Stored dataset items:
------

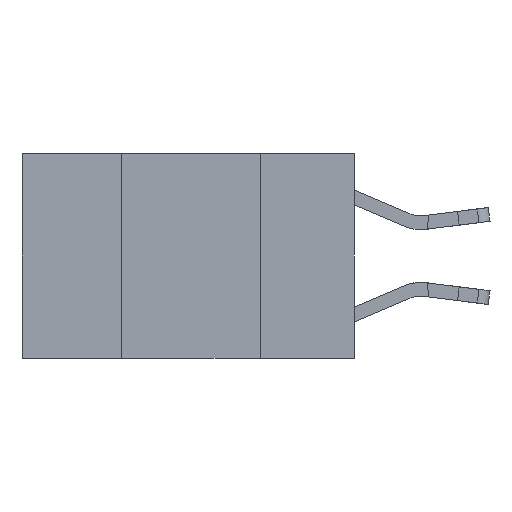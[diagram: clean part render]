
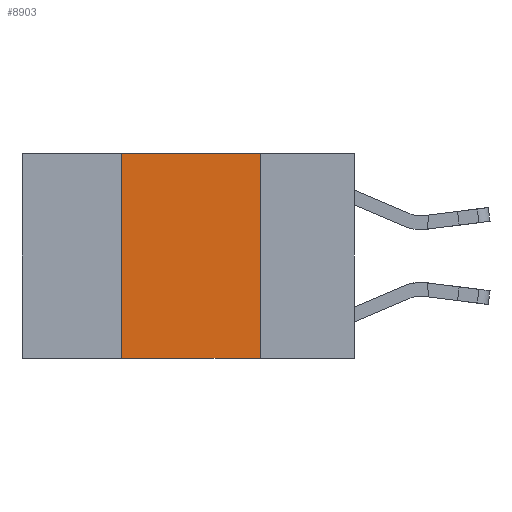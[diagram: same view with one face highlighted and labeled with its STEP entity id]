
A CAD part, left-side view. The second image highlights one B-rep face of the part: STEP entity #8903.
In plain terms, the highlighted planar face has unit normal (-1, 0, 0).
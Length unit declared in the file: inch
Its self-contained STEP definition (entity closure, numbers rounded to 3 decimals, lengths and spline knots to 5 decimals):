
#681 = VERTEX_POINT ( 'NONE', #18164 ) ;
#743 = DIRECTION ( 'NONE',  ( 0., 0., 1. ) ) ;
#861 = DIRECTION ( 'NONE',  ( 0., 0., -1. ) ) ;
#1954 = FACE_OUTER_BOUND ( 'NONE', #2478, .T. ) ;
#2478 = EDGE_LOOP ( 'NONE', ( #18322, #6393, #6445, #10258 ) ) ;
#2775 = CARTESIAN_POINT ( 'NONE',  ( 0., 0.42, 0. ) ) ;
#3735 = CARTESIAN_POINT ( 'NONE',  ( 0., 0.42, -0.37 ) ) ;
#4058 = EDGE_CURVE ( 'NONE', #8280, #6208, #11905, .T. ) ;
#5248 = EDGE_CURVE ( 'NONE', #6208, #681, #14376, .T. ) ;
#5448 = CARTESIAN_POINT ( 'NONE',  ( 0., 0.17, 0. ) ) ;
#5690 = CARTESIAN_POINT ( 'NONE',  ( 0., 0.6, 0. ) ) ;
#6208 = VERTEX_POINT ( 'NONE', #5448 ) ;
#6210 = EDGE_CURVE ( 'NONE', #18368, #681, #14625, .T. ) ;
#6318 = VECTOR ( 'NONE', #11707, 39.37008 ) ;
#6393 = ORIENTED_EDGE ( 'NONE', *, *, #4058, .F. ) ;
#6445 = ORIENTED_EDGE ( 'NONE', *, *, #15734, .F. ) ;
#7040 = CARTESIAN_POINT ( 'NONE',  ( 0., 0.6, -0.37 ) ) ;
#7548 = VECTOR ( 'NONE', #743, 39.37008 ) ;
#8280 = VERTEX_POINT ( 'NONE', #2775 ) ;
#8903 = ADVANCED_FACE ( 'NONE', ( #1954 ), #9163, .F. ) ;
#9163 = PLANE ( 'NONE',  #19380 ) ;
#9704 = LINE ( 'NONE', #14253, #7548 ) ;
#9844 = VECTOR ( 'NONE', #861, 39.37008 ) ;
#10258 = ORIENTED_EDGE ( 'NONE', *, *, #6210, .T. ) ;
#10314 = VECTOR ( 'NONE', #13037, 39.37008 ) ;
#11707 = DIRECTION ( 'NONE',  ( 0., -1., 0. ) ) ;
#11905 = LINE ( 'NONE', #5690, #6318 ) ;
#13037 = DIRECTION ( 'NONE',  ( 0., -1., 0. ) ) ;
#13697 = DIRECTION ( 'NONE',  ( 1., 0., 0. ) ) ;
#14253 = CARTESIAN_POINT ( 'NONE',  ( 0., 0.42, 0. ) ) ;
#14376 = LINE ( 'NONE', #17453, #9844 ) ;
#14625 = LINE ( 'NONE', #7040, #10314 ) ;
#15206 = CARTESIAN_POINT ( 'NONE',  ( 0., 0.6, 0. ) ) ;
#15734 = EDGE_CURVE ( 'NONE', #18368, #8280, #9704, .T. ) ;
#16581 = DIRECTION ( 'NONE',  ( 0., 0., -1. ) ) ;
#17453 = CARTESIAN_POINT ( 'NONE',  ( 0., 0.17, 0. ) ) ;
#18164 = CARTESIAN_POINT ( 'NONE',  ( 0., 0.17, -0.37 ) ) ;
#18322 = ORIENTED_EDGE ( 'NONE', *, *, #5248, .F. ) ;
#18368 = VERTEX_POINT ( 'NONE', #3735 ) ;
#19380 = AXIS2_PLACEMENT_3D ( 'NONE', #15206, #13697, #16581 ) ;
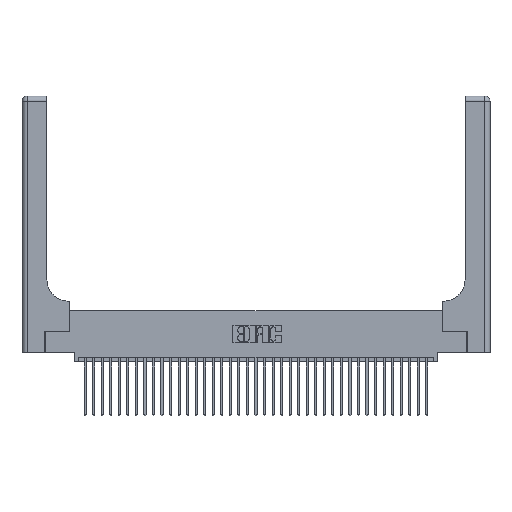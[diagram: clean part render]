
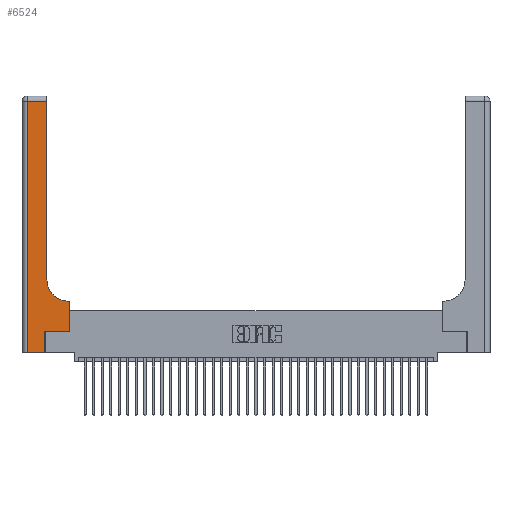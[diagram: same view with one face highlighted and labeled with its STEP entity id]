
A CAD part, top view. The second image highlights one B-rep face of the part: STEP entity #6524.
In plain terms, the highlighted planar face has unit normal (0, 0, 1).
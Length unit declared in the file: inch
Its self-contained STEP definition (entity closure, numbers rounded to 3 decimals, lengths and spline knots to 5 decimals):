
#511 = CARTESIAN_POINT ( 'NONE',  ( 0.06, 3., 0.37 ) ) ;
#1401 = CARTESIAN_POINT ( 'NONE',  ( 0.5415, 0.85, 0.37 ) ) ;
#2250 = CARTESIAN_POINT ( 'NONE',  ( 0.2915, 0.85, 0.37 ) ) ;
#2286 = CARTESIAN_POINT ( 'NONE',  ( 0.5585, 0.6, 0.37 ) ) ;
#3507 = DIRECTION ( 'NONE',  ( 0., -1., 0. ) ) ;
#4326 = VERTEX_POINT ( 'NONE', #6132 ) ;
#4357 = DIRECTION ( 'NONE',  ( 1., 0., 0. ) ) ;
#5496 = LINE ( 'NONE', #11568, #26847 ) ;
#6132 = CARTESIAN_POINT ( 'NONE',  ( 0.06, 0., 0.37 ) ) ;
#6454 = LINE ( 'NONE', #11225, #27797 ) ;
#6524 = ADVANCED_FACE ( 'NONE', ( #14219 ), #11097, .F. ) ;
#6573 = EDGE_CURVE ( 'NONE', #25033, #14246, #6454, .T. ) ;
#7007 = EDGE_CURVE ( 'NONE', #4326, #20069, #8262, .T. ) ;
#8262 = LINE ( 'NONE', #19338, #30464 ) ;
#8901 = VECTOR ( 'NONE', #33662, 39.37008 ) ;
#10687 = DIRECTION ( 'NONE',  ( 1., 0., 0. ) ) ;
#11097 = PLANE ( 'NONE',  #20934 ) ;
#11225 = CARTESIAN_POINT ( 'NONE',  ( 0.269, 0.25, 0.37 ) ) ;
#11555 = VECTOR ( 'NONE', #3507, 39.37008 ) ;
#11568 = CARTESIAN_POINT ( 'NONE',  ( 0.2915, 0.6, 0.37 ) ) ;
#11581 = VECTOR ( 'NONE', #15860, 39.37008 ) ;
#12019 = AXIS2_PLACEMENT_3D ( 'NONE', #1401, #21775, #4357 ) ;
#12465 = LINE ( 'NONE', #511, #11555 ) ;
#12725 = VERTEX_POINT ( 'NONE', #2286 ) ;
#13294 = CARTESIAN_POINT ( 'NONE',  ( 0.06, 2.94, 0.37 ) ) ;
#13756 = VERTEX_POINT ( 'NONE', #33168 ) ;
#13918 = CARTESIAN_POINT ( 'NONE',  ( 0., 3., 0.37 ) ) ;
#14038 = DIRECTION ( 'NONE',  ( -1., 0., 0. ) ) ;
#14219 = FACE_OUTER_BOUND ( 'NONE', #34319, .T. ) ;
#14246 = VERTEX_POINT ( 'NONE', #29813 ) ;
#14645 = EDGE_CURVE ( 'NONE', #12725, #18735, #5496, .T. ) ;
#15332 = ORIENTED_EDGE ( 'NONE', *, *, #7007, .T. ) ;
#15609 = LINE ( 'NONE', #31984, #28263 ) ;
#15860 = DIRECTION ( 'NONE',  ( 0., 1., 0. ) ) ;
#17126 = ORIENTED_EDGE ( 'NONE', *, *, #26693, .T. ) ;
#17334 = ORIENTED_EDGE ( 'NONE', *, *, #20058, .T. ) ;
#17467 = VERTEX_POINT ( 'NONE', #2250 ) ;
#17554 = DIRECTION ( 'NONE',  ( 0., 1., 0. ) ) ;
#18250 = ORIENTED_EDGE ( 'NONE', *, *, #18986, .T. ) ;
#18735 = VERTEX_POINT ( 'NONE', #32185 ) ;
#18986 = EDGE_CURVE ( 'NONE', #17467, #13756, #19311, .T. ) ;
#19311 = LINE ( 'NONE', #35964, #11581 ) ;
#19338 = CARTESIAN_POINT ( 'NONE',  ( 0., 0., 0.37 ) ) ;
#19794 = ORIENTED_EDGE ( 'NONE', *, *, #22783, .T. ) ;
#20058 = EDGE_CURVE ( 'NONE', #20069, #25033, #15609, .T. ) ;
#20069 = VERTEX_POINT ( 'NONE', #34890 ) ;
#20350 = CARTESIAN_POINT ( 'NONE',  ( 0.269, 0.25, 0.37 ) ) ;
#20843 = LINE ( 'NONE', #27564, #35299 ) ;
#20934 = AXIS2_PLACEMENT_3D ( 'NONE', #13918, #31355, #14038 ) ;
#21775 = DIRECTION ( 'NONE',  ( 0., 0., -1. ) ) ;
#22069 = ORIENTED_EDGE ( 'NONE', *, *, #34331, .T. ) ;
#22783 = EDGE_CURVE ( 'NONE', #37286, #4326, #12465, .T. ) ;
#23335 = ORIENTED_EDGE ( 'NONE', *, *, #28292, .T. ) ;
#24357 = LINE ( 'NONE', #30750, #8901 ) ;
#25033 = VERTEX_POINT ( 'NONE', #20350 ) ;
#25705 = DIRECTION ( 'NONE',  ( 1., 0., 0. ) ) ;
#26693 = EDGE_CURVE ( 'NONE', #18735, #17467, #32614, .T. ) ;
#26847 = VECTOR ( 'NONE', #31823, 39.37008 ) ;
#27564 = CARTESIAN_POINT ( 'NONE',  ( 0., 2.94, 0.37 ) ) ;
#27576 = ORIENTED_EDGE ( 'NONE', *, *, #14645, .T. ) ;
#27797 = VECTOR ( 'NONE', #25705, 39.37008 ) ;
#28263 = VECTOR ( 'NONE', #17554, 39.37008 ) ;
#28292 = EDGE_CURVE ( 'NONE', #14246, #12725, #24357, .T. ) ;
#29813 = CARTESIAN_POINT ( 'NONE',  ( 0.5585, 0.25, 0.37 ) ) ;
#30453 = DIRECTION ( 'NONE',  ( -1., 0., 0. ) ) ;
#30464 = VECTOR ( 'NONE', #10687, 39.37008 ) ;
#30750 = CARTESIAN_POINT ( 'NONE',  ( 0.5585, 0.25, 0.37 ) ) ;
#31355 = DIRECTION ( 'NONE',  ( 0., 0., -1. ) ) ;
#31823 = DIRECTION ( 'NONE',  ( -1., 0., 0. ) ) ;
#31984 = CARTESIAN_POINT ( 'NONE',  ( 0.269, 0., 0.37 ) ) ;
#32185 = CARTESIAN_POINT ( 'NONE',  ( 0.5415, 0.6, 0.37 ) ) ;
#32614 = CIRCLE ( 'NONE', #12019, 0.25 ) ;
#33147 = ORIENTED_EDGE ( 'NONE', *, *, #6573, .T. ) ;
#33168 = CARTESIAN_POINT ( 'NONE',  ( 0.2915, 2.94, 0.37 ) ) ;
#33662 = DIRECTION ( 'NONE',  ( 0., 1., 0. ) ) ;
#34319 = EDGE_LOOP ( 'NONE', ( #18250, #22069, #19794, #15332, #17334, #33147, #23335, #27576, #17126 ) ) ;
#34331 = EDGE_CURVE ( 'NONE', #13756, #37286, #20843, .T. ) ;
#34890 = CARTESIAN_POINT ( 'NONE',  ( 0.269, 0., 0.37 ) ) ;
#35299 = VECTOR ( 'NONE', #30453, 39.37008 ) ;
#35964 = CARTESIAN_POINT ( 'NONE',  ( 0.2915, 3., 0.37 ) ) ;
#37286 = VERTEX_POINT ( 'NONE', #13294 ) ;

------

Work to be completed: Look through the data above. Each line containing the word "PLANE" needs to be copied.

Response to this task:
#9163 = PLANE ( 'NONE',  #19380 ) ;
#11097 = PLANE ( 'NONE',  #20934 ) ;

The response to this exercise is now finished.